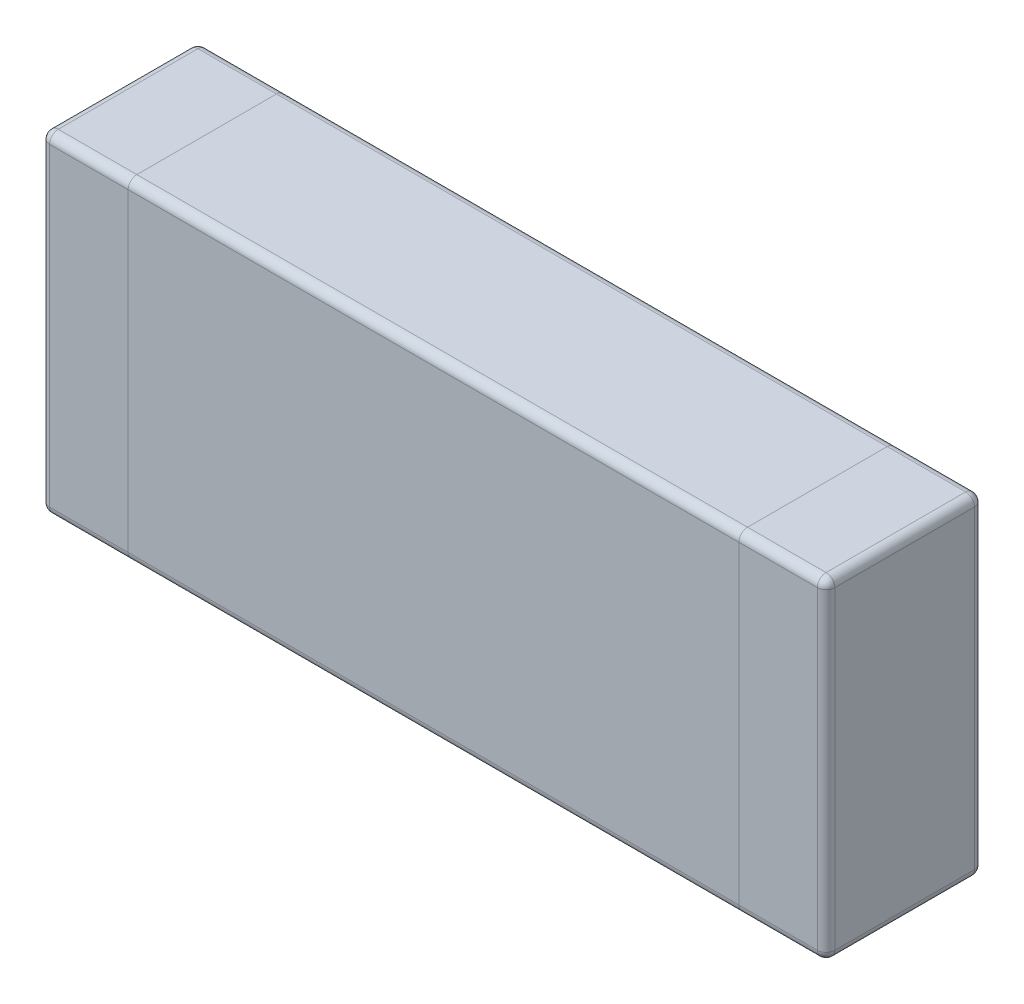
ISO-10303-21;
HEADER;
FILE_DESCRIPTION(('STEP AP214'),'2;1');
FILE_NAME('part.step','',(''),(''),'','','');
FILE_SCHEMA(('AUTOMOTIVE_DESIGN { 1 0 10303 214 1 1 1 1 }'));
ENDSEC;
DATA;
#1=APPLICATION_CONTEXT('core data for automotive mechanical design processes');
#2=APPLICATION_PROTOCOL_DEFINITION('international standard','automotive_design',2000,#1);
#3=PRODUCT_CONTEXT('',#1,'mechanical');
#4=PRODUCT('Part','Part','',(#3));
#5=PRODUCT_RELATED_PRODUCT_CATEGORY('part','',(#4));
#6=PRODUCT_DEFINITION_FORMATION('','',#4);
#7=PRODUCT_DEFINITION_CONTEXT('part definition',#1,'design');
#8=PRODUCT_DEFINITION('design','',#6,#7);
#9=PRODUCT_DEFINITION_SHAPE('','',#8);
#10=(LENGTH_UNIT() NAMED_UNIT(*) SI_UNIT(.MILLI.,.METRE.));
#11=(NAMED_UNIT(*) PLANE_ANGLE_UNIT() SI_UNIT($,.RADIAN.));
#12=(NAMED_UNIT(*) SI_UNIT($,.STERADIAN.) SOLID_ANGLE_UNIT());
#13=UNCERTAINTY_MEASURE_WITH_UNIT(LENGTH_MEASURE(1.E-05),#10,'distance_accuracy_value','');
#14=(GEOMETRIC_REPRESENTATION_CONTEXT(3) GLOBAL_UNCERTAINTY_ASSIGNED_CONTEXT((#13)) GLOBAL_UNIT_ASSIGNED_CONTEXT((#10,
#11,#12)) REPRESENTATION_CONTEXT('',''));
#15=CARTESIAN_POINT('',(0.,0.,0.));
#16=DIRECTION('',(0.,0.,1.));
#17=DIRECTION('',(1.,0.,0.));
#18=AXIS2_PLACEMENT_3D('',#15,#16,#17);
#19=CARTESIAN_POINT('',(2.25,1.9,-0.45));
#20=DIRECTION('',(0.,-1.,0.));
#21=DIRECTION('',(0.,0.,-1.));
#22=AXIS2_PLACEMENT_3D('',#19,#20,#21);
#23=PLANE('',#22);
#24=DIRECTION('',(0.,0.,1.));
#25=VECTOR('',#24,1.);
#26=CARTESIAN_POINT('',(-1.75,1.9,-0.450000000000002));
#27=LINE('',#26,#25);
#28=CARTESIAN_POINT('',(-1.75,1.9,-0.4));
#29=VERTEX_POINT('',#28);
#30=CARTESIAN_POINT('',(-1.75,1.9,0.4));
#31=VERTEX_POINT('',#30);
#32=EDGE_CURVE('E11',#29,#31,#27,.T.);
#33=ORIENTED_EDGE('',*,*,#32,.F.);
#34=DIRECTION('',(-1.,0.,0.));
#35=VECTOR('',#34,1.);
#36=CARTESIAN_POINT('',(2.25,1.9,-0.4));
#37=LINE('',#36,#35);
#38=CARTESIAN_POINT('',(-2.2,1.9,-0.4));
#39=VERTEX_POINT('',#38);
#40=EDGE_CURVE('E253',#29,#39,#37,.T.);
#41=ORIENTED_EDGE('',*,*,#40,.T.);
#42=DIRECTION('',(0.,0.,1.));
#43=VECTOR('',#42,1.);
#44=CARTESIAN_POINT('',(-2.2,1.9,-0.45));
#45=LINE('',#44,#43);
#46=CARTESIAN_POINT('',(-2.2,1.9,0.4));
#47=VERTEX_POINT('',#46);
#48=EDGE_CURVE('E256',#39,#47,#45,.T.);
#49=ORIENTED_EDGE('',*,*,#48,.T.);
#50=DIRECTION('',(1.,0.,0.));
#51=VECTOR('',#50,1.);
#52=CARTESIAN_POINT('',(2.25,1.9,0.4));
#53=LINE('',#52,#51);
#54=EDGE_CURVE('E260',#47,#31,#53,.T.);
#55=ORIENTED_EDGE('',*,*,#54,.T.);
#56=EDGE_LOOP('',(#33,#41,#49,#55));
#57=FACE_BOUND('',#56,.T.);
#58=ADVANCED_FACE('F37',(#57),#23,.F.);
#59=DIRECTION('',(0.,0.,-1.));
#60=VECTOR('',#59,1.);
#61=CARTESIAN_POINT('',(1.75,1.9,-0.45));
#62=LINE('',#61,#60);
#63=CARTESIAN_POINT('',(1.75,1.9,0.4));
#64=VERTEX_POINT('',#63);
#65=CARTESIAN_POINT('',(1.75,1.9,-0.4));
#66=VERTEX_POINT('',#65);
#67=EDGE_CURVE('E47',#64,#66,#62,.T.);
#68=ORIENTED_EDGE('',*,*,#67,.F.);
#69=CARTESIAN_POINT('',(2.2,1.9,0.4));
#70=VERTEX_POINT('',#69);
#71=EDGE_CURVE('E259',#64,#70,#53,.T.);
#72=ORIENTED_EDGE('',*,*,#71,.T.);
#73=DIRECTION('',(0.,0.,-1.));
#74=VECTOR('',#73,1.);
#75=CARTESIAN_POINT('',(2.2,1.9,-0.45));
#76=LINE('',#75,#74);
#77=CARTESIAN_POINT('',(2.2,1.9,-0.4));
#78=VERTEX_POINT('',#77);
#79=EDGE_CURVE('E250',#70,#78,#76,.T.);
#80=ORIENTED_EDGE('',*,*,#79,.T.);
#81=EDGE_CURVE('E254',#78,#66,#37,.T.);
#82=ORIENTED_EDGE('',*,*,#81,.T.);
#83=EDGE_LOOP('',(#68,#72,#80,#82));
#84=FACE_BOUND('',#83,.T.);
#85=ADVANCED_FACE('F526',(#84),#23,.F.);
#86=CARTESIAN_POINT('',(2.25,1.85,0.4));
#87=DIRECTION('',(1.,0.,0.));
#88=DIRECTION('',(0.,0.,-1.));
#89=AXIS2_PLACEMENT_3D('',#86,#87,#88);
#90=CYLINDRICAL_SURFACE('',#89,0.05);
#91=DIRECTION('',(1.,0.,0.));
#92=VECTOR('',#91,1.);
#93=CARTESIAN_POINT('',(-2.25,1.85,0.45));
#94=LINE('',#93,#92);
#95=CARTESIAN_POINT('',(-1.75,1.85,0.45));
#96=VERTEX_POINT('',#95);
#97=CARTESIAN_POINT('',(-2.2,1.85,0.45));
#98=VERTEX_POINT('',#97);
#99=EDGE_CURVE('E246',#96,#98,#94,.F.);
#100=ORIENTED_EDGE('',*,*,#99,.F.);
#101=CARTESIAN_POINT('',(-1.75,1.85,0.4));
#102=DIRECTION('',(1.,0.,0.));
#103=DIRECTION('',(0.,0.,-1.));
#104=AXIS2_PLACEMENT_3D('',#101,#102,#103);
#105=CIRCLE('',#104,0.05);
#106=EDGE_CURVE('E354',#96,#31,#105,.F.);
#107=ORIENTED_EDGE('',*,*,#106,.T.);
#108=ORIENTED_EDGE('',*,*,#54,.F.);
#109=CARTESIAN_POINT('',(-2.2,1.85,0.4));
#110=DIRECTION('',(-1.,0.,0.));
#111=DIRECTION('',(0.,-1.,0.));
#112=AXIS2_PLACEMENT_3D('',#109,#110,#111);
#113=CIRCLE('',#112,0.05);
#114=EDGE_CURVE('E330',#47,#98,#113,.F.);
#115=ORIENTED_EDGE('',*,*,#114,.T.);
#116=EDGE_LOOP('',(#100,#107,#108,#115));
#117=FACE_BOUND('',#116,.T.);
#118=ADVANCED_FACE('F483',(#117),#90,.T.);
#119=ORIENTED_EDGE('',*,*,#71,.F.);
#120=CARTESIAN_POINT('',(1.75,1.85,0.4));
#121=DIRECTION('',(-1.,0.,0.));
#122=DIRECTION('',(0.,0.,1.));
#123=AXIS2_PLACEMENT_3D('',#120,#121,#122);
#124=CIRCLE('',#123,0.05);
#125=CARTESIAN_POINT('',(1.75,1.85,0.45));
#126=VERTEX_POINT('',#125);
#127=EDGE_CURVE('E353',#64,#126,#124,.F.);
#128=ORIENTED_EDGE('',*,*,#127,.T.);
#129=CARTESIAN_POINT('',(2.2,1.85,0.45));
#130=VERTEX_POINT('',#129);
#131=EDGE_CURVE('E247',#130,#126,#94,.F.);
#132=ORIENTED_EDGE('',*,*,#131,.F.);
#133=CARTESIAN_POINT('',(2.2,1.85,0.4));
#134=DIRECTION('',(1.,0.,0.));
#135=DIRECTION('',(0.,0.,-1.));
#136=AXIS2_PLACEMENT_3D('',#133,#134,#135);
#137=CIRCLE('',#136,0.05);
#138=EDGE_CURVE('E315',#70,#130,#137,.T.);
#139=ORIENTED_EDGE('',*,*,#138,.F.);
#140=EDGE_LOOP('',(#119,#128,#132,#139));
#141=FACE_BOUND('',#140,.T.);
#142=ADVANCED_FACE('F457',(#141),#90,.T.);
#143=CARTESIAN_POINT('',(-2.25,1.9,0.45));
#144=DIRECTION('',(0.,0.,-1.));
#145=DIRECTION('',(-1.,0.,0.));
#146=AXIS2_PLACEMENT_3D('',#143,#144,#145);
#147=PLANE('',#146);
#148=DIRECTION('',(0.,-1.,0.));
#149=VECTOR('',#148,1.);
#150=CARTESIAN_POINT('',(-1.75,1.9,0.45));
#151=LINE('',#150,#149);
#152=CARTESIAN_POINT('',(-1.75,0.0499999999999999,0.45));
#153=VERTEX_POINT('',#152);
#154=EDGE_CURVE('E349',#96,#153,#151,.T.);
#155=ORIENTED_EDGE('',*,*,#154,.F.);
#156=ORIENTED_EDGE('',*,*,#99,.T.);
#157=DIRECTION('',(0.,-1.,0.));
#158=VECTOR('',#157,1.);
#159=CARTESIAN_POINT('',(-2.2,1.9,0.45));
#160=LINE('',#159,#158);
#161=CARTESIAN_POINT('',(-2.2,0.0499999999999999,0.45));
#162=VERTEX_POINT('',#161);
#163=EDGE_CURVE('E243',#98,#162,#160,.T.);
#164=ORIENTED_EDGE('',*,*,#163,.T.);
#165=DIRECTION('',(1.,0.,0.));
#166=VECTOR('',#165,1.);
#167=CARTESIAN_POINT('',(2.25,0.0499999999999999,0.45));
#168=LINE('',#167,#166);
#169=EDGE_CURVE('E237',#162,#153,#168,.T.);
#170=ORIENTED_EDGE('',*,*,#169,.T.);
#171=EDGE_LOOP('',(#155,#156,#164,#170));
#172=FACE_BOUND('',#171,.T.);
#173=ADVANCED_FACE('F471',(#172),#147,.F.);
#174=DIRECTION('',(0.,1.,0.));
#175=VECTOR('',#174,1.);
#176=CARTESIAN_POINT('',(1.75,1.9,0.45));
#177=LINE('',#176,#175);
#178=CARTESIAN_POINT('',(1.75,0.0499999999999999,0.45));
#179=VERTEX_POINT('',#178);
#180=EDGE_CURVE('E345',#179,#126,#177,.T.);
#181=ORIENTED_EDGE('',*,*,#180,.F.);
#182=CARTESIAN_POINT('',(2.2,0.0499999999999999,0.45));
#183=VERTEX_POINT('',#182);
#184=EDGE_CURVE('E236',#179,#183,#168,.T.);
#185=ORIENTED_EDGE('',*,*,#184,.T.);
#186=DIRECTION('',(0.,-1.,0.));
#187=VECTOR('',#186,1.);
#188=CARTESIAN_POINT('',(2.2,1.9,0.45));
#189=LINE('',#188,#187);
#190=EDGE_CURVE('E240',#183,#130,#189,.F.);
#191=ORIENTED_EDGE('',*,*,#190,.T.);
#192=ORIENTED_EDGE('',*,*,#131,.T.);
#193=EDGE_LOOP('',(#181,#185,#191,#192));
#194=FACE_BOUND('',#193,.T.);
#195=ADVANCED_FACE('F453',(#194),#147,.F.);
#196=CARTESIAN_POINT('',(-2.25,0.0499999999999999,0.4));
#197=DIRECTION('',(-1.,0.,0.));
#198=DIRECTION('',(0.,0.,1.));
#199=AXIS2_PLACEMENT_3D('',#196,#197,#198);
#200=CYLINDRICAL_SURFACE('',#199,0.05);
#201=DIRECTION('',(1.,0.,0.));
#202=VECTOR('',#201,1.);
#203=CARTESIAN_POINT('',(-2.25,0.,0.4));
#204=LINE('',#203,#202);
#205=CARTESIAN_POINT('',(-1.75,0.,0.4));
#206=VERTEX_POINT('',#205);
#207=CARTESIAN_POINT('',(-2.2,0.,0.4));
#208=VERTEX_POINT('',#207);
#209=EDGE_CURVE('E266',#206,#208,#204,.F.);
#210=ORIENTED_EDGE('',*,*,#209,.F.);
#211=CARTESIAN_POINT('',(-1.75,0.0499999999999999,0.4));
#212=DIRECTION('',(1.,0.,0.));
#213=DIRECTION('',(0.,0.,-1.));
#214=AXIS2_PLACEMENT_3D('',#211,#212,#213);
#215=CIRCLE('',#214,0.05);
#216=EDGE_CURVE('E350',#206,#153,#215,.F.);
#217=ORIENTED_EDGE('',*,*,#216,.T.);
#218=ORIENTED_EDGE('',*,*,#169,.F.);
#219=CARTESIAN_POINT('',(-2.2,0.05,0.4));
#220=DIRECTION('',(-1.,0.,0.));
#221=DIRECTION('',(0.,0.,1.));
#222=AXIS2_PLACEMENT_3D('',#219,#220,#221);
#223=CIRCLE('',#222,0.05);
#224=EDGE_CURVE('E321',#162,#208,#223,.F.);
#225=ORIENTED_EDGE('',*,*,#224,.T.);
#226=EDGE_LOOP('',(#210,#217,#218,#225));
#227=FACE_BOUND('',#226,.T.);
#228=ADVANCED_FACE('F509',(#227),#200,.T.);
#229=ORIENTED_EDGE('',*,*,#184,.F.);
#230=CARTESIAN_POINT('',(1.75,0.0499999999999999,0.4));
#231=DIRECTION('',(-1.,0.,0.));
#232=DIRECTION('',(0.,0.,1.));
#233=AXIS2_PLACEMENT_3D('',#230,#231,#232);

• • • •

Exercise instructions - Of the entries above, transcribe exactly those lines that fall between the line containing "#23=PLANE('',#22);" and the line containing "#61=CARTESIAN_POINT('',(1.75,1.9,-0.45));", together with those two lines.

Reply -
#23=PLANE('',#22);
#24=DIRECTION('',(0.,0.,1.));
#25=VECTOR('',#24,1.);
#26=CARTESIAN_POINT('',(-1.75,1.9,-0.450000000000002));
#27=LINE('',#26,#25);
#28=CARTESIAN_POINT('',(-1.75,1.9,-0.4));
#29=VERTEX_POINT('',#28);
#30=CARTESIAN_POINT('',(-1.75,1.9,0.4));
#31=VERTEX_POINT('',#30);
#32=EDGE_CURVE('E11',#29,#31,#27,.T.);
#33=ORIENTED_EDGE('',*,*,#32,.F.);
#34=DIRECTION('',(-1.,0.,0.));
#35=VECTOR('',#34,1.);
#36=CARTESIAN_POINT('',(2.25,1.9,-0.4));
#37=LINE('',#36,#35);
#38=CARTESIAN_POINT('',(-2.2,1.9,-0.4));
#39=VERTEX_POINT('',#38);
#40=EDGE_CURVE('E253',#29,#39,#37,.T.);
#41=ORIENTED_EDGE('',*,*,#40,.T.);
#42=DIRECTION('',(0.,0.,1.));
#43=VECTOR('',#42,1.);
#44=CARTESIAN_POINT('',(-2.2,1.9,-0.45));
#45=LINE('',#44,#43);
#46=CARTESIAN_POINT('',(-2.2,1.9,0.4));
#47=VERTEX_POINT('',#46);
#48=EDGE_CURVE('E256',#39,#47,#45,.T.);
#49=ORIENTED_EDGE('',*,*,#48,.T.);
#50=DIRECTION('',(1.,0.,0.));
#51=VECTOR('',#50,1.);
#52=CARTESIAN_POINT('',(2.25,1.9,0.4));
#53=LINE('',#52,#51);
#54=EDGE_CURVE('E260',#47,#31,#53,.T.);
#55=ORIENTED_EDGE('',*,*,#54,.T.);
#56=EDGE_LOOP('',(#33,#41,#49,#55));
#57=FACE_BOUND('',#56,.T.);
#58=ADVANCED_FACE('F37',(#57),#23,.F.);
#59=DIRECTION('',(0.,0.,-1.));
#60=VECTOR('',#59,1.);
#61=CARTESIAN_POINT('',(1.75,1.9,-0.45));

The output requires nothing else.